▶ [What you will do]:
Line by line, set down all the data below exactly, omitting any picture.

Segment Start: Record excerpts

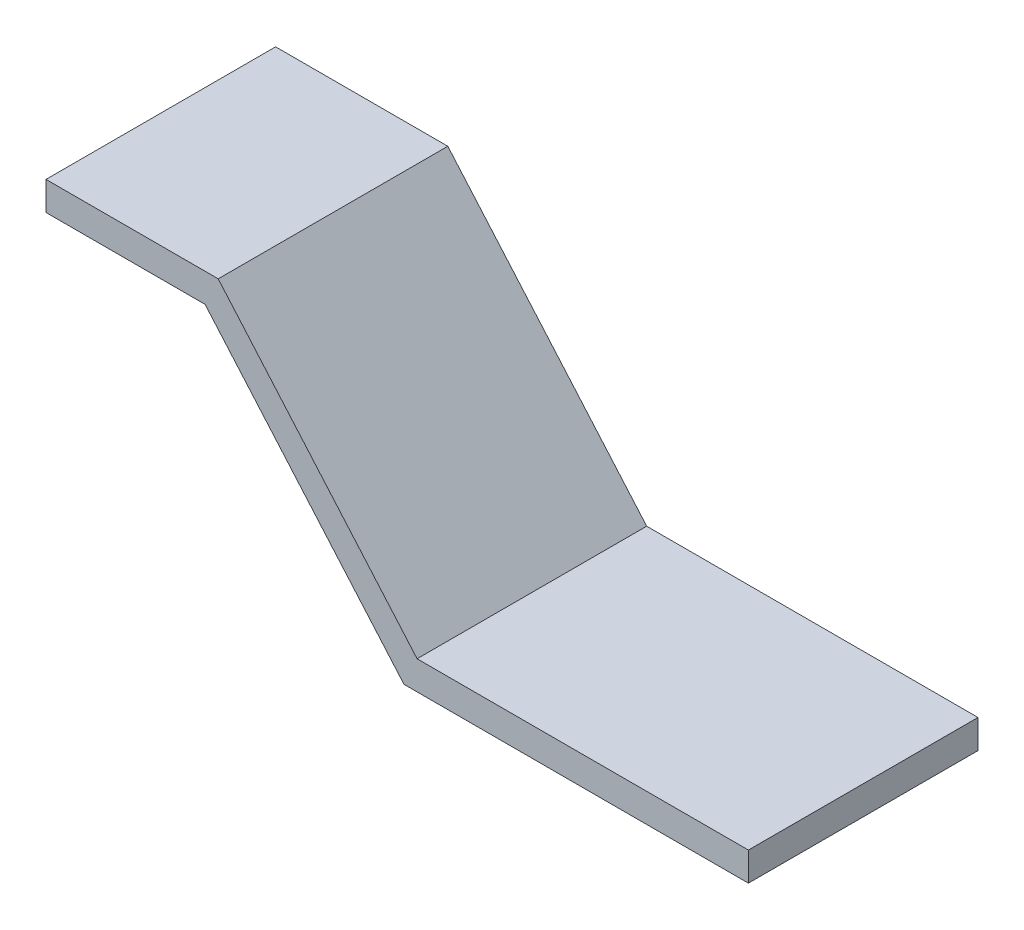
SolidWorks part; units mm, degrees
material "1060 Alloy"
ref_plane "Front Plane" through (0, 0, 0) normal (0, 0, 1) x (1, 0, 0)
ref_plane "Top Plane" through (0, 0, 0) normal (0, 1, 0) x (1, 0, 0)
ref_plane "Right Plane" through (0, 0, 0) normal (1, 0, 0) x (0, 0, -1)
sketch "Sketch2" plane through (0, 0, 0) normal (0, 0, 1) x (1, 0, 0)
  line L0 (0, 0) -> (150, 0)
  line L1 (150, 0) -> (323.2219, -200)
  line L2 (323.2219, -200) -> (611.8014, -200)
  line L3 (611.8014, -200) -> (611.8014, -225)
  line L4 (611.8014, -225) -> (311.8014, -225)
  line L5 (311.8014, -225) -> (138.5795, -25)
  line L6 (138.5795, -25) -> (0, -25)
  line L7 (0, -25) -> (0, 0)
  dimension "D1" = 25
  dimension "D2" = 25
  dimension "D3" = 25
  dimension "D4" = 300
  dimension "D5" = 150
extrude "Boss-Extrude2" add sketch "Sketch2" along normal blind 200

Segment End: Record excerpts

▶ [Written answer]:
SolidWorks part; units mm, degrees
material "1060 Alloy"
ref_plane "Front Plane" through (0, 0, 0) normal (0, 0, 1) x (1, 0, 0)
ref_plane "Top Plane" through (0, 0, 0) normal (0, 1, 0) x (1, 0, 0)
ref_plane "Right Plane" through (0, 0, 0) normal (1, 0, 0) x (0, 0, -1)
sketch "Sketch2" plane through (0, 0, 0) normal (0, 0, 1) x (1, 0, 0)
  line L0 (0, 0) -> (150, 0)
  line L1 (150, 0) -> (323.2219, -200)
  line L2 (323.2219, -200) -> (611.8014, -200)
  line L3 (611.8014, -200) -> (611.8014, -225)
  line L4 (611.8014, -225) -> (311.8014, -225)
  line L5 (311.8014, -225) -> (138.5795, -25)
  line L6 (138.5795, -25) -> (0, -25)
  line L7 (0, -25) -> (0, 0)
  dimension "D1" = 25
  dimension "D2" = 25
  dimension "D3" = 25
  dimension "D4" = 300
  dimension "D5" = 150
extrude "Boss-Extrude2" add sketch "Sketch2" along normal blind 200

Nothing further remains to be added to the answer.